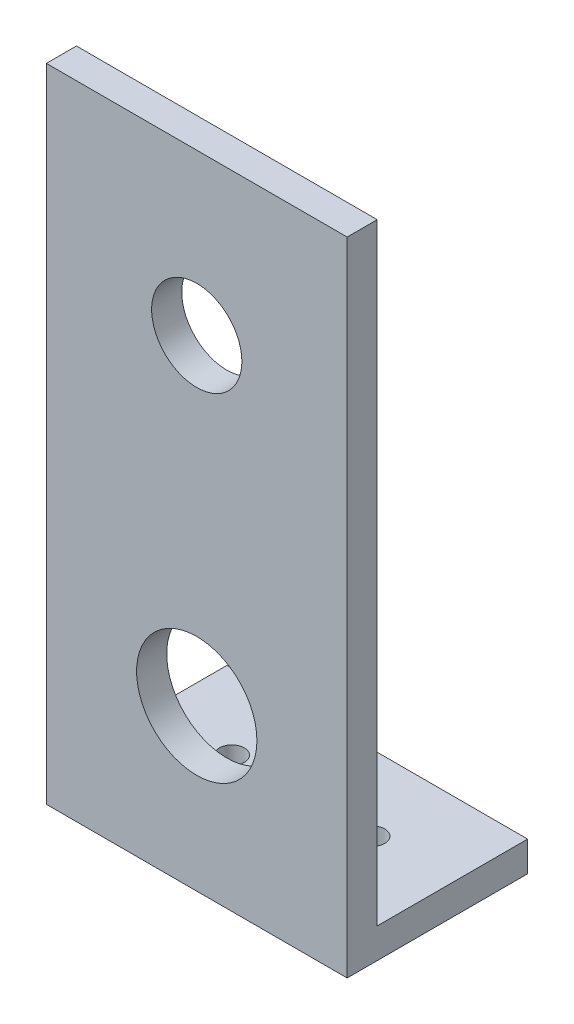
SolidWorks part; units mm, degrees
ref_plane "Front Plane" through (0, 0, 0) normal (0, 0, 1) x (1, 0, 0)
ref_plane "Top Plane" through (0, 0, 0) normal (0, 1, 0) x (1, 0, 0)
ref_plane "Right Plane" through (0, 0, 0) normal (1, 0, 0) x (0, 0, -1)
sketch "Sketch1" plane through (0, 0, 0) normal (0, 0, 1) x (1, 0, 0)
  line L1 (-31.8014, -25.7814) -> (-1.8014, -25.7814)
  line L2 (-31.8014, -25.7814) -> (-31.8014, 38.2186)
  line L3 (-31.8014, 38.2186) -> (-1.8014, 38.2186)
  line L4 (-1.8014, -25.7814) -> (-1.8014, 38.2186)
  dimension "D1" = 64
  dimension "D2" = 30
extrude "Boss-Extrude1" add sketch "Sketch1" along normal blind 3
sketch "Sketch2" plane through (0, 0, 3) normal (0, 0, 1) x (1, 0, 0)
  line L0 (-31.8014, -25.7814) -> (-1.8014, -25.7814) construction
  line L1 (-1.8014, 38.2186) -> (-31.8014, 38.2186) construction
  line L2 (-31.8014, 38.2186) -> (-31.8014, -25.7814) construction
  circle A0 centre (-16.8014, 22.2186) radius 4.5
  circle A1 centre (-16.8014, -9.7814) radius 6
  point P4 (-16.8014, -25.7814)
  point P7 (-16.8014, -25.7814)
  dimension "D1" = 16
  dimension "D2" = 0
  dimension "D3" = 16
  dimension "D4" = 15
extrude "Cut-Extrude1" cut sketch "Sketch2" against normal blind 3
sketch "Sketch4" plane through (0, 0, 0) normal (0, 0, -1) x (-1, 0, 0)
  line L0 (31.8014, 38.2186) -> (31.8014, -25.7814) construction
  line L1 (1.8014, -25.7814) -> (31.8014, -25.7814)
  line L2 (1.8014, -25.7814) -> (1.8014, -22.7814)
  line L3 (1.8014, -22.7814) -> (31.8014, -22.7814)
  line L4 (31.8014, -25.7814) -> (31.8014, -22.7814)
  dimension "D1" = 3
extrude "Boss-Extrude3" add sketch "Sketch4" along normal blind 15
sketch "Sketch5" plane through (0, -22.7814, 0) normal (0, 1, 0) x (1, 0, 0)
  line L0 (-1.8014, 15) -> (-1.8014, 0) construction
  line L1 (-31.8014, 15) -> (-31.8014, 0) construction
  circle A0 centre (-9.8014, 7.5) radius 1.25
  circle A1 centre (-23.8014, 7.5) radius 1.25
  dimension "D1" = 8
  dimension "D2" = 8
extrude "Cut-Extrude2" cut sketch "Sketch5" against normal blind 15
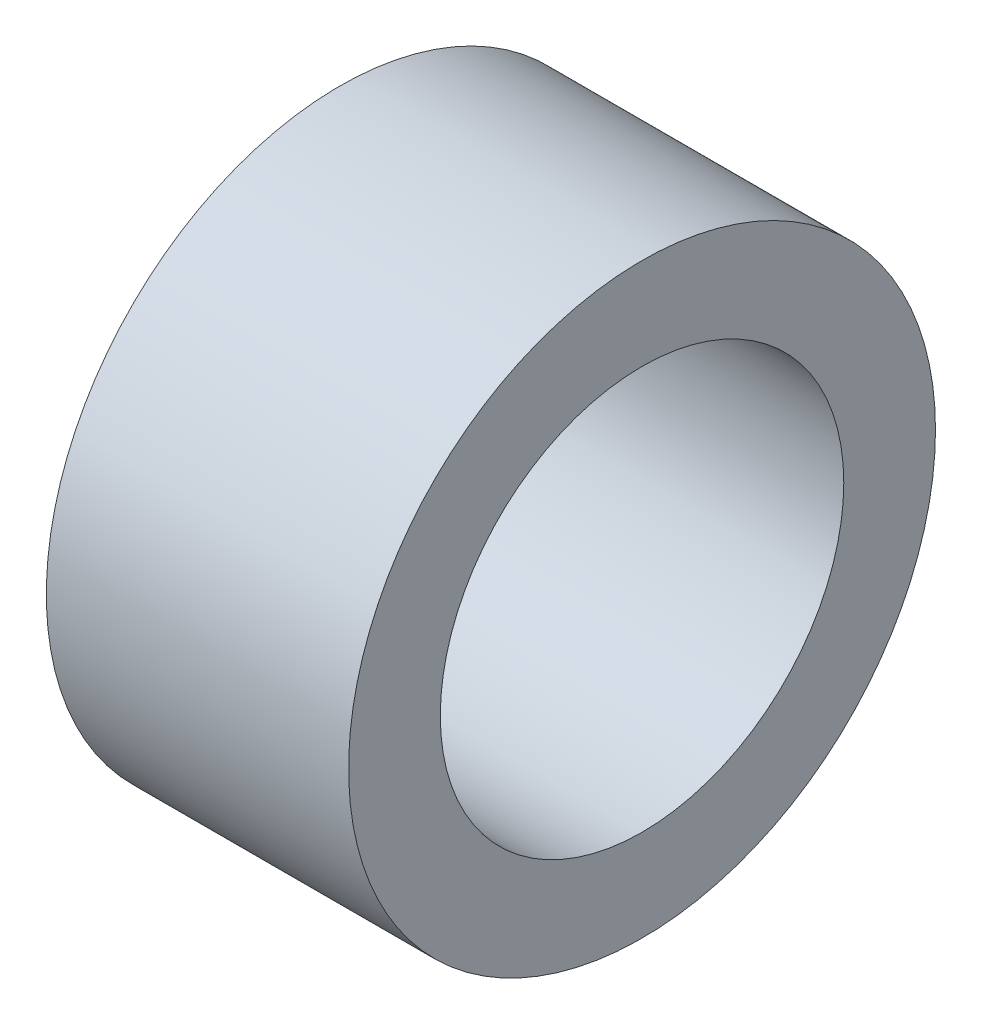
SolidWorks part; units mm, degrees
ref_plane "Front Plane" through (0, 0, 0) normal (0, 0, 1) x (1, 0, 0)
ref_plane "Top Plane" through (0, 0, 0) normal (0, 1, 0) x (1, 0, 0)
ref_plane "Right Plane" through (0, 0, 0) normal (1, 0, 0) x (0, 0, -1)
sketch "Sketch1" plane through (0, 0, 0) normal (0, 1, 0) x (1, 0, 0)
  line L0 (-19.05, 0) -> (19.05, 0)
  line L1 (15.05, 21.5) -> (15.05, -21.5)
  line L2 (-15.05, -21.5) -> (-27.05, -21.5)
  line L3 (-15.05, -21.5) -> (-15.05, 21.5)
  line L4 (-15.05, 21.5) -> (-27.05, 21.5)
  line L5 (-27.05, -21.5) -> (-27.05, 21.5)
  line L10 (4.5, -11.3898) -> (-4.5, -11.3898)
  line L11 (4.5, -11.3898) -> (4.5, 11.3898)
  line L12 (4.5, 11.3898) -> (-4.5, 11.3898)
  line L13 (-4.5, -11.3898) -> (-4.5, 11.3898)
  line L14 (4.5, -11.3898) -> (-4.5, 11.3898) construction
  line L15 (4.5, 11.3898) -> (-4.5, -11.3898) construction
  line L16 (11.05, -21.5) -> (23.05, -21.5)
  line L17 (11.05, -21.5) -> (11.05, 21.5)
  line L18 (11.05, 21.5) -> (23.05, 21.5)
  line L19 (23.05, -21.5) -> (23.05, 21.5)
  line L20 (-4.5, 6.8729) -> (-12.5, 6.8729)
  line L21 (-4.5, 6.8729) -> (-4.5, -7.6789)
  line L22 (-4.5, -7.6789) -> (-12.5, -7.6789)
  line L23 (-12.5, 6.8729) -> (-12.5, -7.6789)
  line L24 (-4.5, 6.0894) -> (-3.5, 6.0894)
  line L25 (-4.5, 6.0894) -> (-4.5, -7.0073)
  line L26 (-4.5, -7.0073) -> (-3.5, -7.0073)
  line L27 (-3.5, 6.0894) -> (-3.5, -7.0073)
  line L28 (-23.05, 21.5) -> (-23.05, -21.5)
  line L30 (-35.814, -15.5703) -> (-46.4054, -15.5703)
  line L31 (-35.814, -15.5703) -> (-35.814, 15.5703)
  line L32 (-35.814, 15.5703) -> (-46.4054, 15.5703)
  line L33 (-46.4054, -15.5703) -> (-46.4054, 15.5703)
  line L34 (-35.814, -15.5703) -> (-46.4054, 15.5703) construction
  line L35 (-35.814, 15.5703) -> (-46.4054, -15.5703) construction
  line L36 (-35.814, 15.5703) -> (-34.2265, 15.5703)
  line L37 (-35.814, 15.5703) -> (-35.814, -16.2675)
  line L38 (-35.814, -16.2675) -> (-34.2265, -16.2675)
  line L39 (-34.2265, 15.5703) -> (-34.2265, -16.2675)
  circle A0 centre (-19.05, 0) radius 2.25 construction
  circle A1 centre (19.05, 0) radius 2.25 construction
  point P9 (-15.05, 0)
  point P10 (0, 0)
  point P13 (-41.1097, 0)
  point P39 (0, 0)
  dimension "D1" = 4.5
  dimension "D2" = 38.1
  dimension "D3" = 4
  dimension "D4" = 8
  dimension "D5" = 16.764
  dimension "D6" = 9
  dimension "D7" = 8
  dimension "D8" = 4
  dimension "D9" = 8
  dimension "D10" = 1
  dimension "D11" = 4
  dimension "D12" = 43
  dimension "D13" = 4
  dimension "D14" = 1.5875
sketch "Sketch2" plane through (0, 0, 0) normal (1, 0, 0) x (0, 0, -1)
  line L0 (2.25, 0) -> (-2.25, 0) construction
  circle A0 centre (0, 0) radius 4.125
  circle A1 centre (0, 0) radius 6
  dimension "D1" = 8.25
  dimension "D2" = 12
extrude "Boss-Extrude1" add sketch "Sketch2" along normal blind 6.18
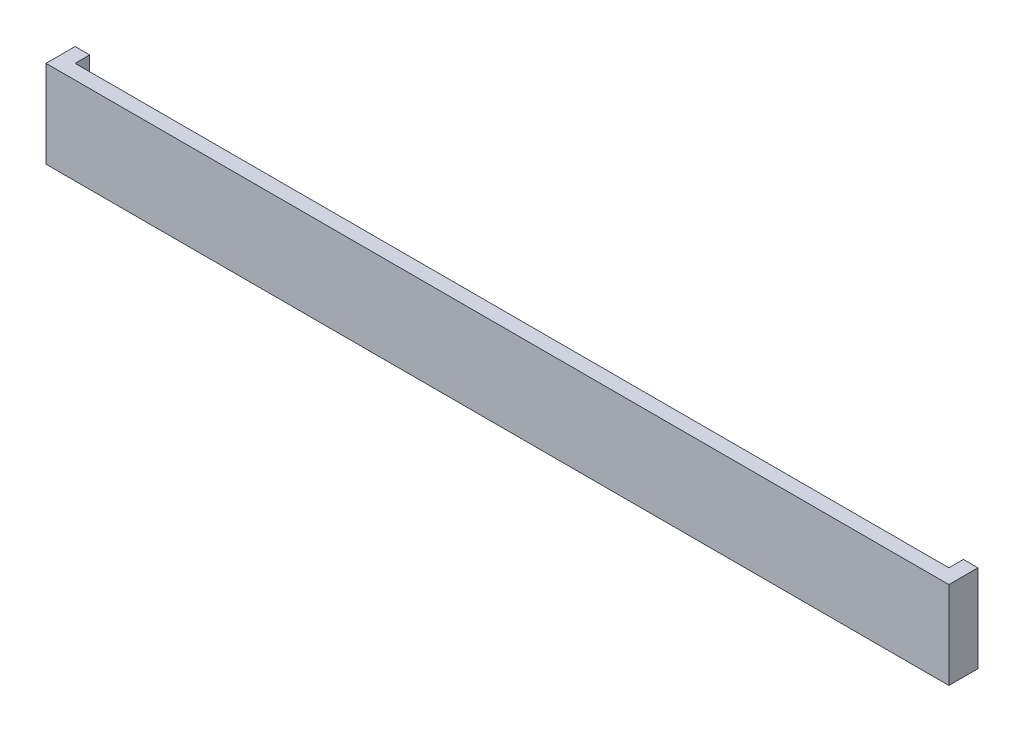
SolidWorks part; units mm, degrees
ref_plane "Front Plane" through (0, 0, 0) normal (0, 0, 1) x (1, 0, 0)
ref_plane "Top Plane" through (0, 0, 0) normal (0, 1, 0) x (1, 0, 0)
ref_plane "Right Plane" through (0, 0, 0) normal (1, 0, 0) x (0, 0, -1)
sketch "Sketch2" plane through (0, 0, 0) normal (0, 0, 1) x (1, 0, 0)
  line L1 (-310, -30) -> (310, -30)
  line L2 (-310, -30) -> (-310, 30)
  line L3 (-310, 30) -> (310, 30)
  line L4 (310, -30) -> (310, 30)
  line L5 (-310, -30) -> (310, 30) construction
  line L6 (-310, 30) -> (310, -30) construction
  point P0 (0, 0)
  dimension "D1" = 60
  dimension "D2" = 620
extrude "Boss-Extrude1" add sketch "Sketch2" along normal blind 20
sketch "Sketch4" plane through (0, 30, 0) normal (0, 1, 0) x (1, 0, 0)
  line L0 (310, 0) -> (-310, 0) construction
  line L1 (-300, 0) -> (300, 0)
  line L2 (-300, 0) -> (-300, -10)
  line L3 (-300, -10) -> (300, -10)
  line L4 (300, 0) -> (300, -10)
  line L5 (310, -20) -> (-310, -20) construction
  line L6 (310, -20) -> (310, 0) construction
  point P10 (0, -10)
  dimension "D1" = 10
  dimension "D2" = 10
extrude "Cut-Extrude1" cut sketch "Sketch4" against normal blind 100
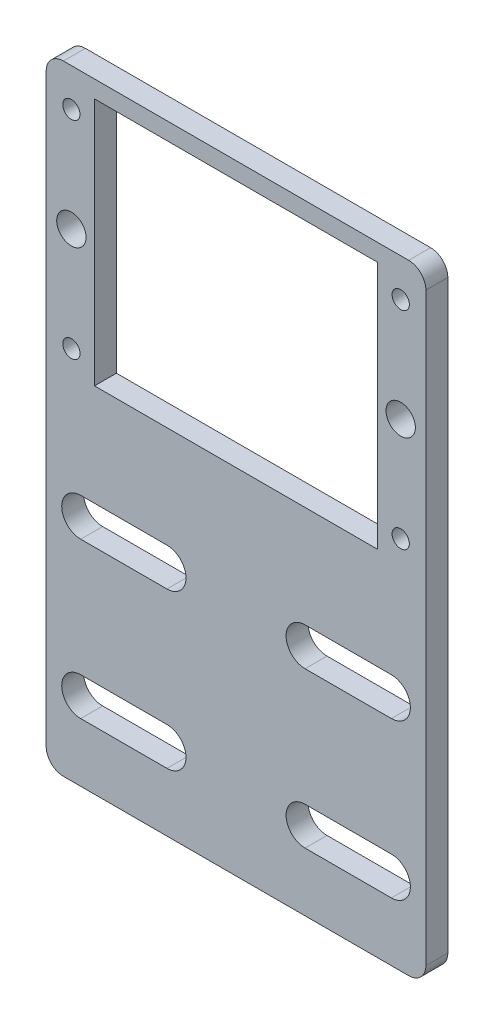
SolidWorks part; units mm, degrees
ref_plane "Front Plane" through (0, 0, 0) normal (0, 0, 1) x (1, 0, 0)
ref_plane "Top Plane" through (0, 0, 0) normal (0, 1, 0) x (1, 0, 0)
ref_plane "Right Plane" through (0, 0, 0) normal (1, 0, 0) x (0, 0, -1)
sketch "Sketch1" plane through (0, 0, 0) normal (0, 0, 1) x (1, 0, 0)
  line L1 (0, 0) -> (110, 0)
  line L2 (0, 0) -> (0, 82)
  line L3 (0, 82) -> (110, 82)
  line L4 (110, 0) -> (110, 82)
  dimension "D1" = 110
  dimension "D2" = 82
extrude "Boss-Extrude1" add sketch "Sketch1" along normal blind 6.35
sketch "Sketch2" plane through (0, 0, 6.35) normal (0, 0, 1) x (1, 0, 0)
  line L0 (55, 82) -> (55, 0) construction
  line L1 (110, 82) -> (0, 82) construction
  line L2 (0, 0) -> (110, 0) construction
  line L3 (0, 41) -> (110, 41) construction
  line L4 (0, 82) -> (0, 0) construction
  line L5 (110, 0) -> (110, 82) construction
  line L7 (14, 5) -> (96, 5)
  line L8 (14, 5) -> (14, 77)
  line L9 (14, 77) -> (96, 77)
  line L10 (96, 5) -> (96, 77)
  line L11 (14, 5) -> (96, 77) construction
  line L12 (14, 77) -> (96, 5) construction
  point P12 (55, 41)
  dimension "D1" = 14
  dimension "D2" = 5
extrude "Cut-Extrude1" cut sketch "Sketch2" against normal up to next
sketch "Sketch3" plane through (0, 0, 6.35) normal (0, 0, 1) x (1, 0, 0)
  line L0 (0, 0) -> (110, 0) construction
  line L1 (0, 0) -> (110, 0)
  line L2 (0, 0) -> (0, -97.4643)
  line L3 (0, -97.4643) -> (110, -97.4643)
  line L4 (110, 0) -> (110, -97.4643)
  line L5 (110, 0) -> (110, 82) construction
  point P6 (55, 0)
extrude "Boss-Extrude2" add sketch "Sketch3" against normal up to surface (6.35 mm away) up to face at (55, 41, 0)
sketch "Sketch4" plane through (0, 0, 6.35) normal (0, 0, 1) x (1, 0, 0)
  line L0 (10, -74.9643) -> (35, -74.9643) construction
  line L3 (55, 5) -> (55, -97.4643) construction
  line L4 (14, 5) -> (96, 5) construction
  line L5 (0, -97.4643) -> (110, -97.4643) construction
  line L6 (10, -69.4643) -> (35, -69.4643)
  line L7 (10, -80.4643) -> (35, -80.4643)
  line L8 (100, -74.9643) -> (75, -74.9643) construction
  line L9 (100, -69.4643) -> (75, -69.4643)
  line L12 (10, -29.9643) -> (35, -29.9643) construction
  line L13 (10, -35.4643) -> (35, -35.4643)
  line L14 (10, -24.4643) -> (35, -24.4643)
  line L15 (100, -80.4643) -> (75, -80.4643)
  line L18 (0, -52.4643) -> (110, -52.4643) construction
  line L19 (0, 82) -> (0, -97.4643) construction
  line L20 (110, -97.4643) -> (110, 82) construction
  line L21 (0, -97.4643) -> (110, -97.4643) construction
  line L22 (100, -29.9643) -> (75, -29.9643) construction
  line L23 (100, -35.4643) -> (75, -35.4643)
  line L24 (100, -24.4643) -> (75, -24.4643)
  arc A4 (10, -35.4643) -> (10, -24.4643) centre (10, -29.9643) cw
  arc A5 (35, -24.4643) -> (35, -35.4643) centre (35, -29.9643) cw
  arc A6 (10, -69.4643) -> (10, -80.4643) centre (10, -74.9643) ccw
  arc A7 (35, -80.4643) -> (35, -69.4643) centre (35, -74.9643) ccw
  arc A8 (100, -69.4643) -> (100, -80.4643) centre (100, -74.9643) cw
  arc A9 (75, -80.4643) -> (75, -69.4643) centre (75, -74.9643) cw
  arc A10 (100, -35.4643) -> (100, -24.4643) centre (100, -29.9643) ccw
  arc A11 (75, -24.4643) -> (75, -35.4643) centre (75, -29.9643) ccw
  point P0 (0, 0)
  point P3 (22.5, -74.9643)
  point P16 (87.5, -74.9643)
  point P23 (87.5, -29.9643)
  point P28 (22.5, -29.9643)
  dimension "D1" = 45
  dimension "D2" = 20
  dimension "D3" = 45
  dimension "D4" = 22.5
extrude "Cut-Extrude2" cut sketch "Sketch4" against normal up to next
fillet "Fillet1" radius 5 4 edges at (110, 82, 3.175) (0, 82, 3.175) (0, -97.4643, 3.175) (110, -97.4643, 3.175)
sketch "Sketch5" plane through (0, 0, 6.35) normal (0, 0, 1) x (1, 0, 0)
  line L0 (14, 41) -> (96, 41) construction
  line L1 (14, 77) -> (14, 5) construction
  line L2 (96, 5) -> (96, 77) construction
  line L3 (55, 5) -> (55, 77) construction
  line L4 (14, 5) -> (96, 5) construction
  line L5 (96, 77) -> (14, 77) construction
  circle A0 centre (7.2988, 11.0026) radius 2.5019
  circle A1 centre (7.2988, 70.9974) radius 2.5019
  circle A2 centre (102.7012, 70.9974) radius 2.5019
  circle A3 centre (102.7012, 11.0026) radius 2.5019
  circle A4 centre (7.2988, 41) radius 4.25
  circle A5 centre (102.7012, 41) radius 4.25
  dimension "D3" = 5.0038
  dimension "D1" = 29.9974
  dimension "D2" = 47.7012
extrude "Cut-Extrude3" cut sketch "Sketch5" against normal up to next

· · · ·

◆ What to do: Reproduce the listing above only between the lines holding "line L1 (-300, 0) -> (300, 0)" and "normal blind 6.35", inclusive. Every line must match exactly, and pictures are dropped.

◆ Reply:
  line L1 (-300, 0) -> (300, 0)
  line L2 (-300, 0) -> (-300, -10)
  line L3 (-300, -10) -> (300, -10)
  line L4 (300, 0) -> (300, -10)
  line L5 (310, -20) -> (-310, -20) construction
  line L6 (310, -20) -> (310, 0) construction
  point P10 (0, -10)
  dimension "D1" = 10
  dimension "D2" = 10
extrude "Cut-Extrude1" cut sketch "Sketch4" against normal blind 100
SolidWorks part; units mm, degrees
ref_plane "Front Plane" through (0, 0, 0) normal (0, 0, 1) x (1, 0, 0)
ref_plane "Top Plane" through (0, 0, 0) normal (0, 1, 0) x (1, 0, 0)
ref_plane "Right Plane" through (0, 0, 0) normal (1, 0, 0) x (0, 0, -1)
sketch "Sketch1" plane through (0, 0, 0) normal (0, 0, 1) x (1, 0, 0)
  line L1 (0, 0) -> (110, 0)
  line L2 (0, 0) -> (0, 82)
  line L3 (0, 82) -> (110, 82)
  line L4 (110, 0) -> (110, 82)
  dimension "D1" = 110
  dimension "D2" = 82
extrude "Boss-Extrude1" add sketch "Sketch1" along normal blind 6.35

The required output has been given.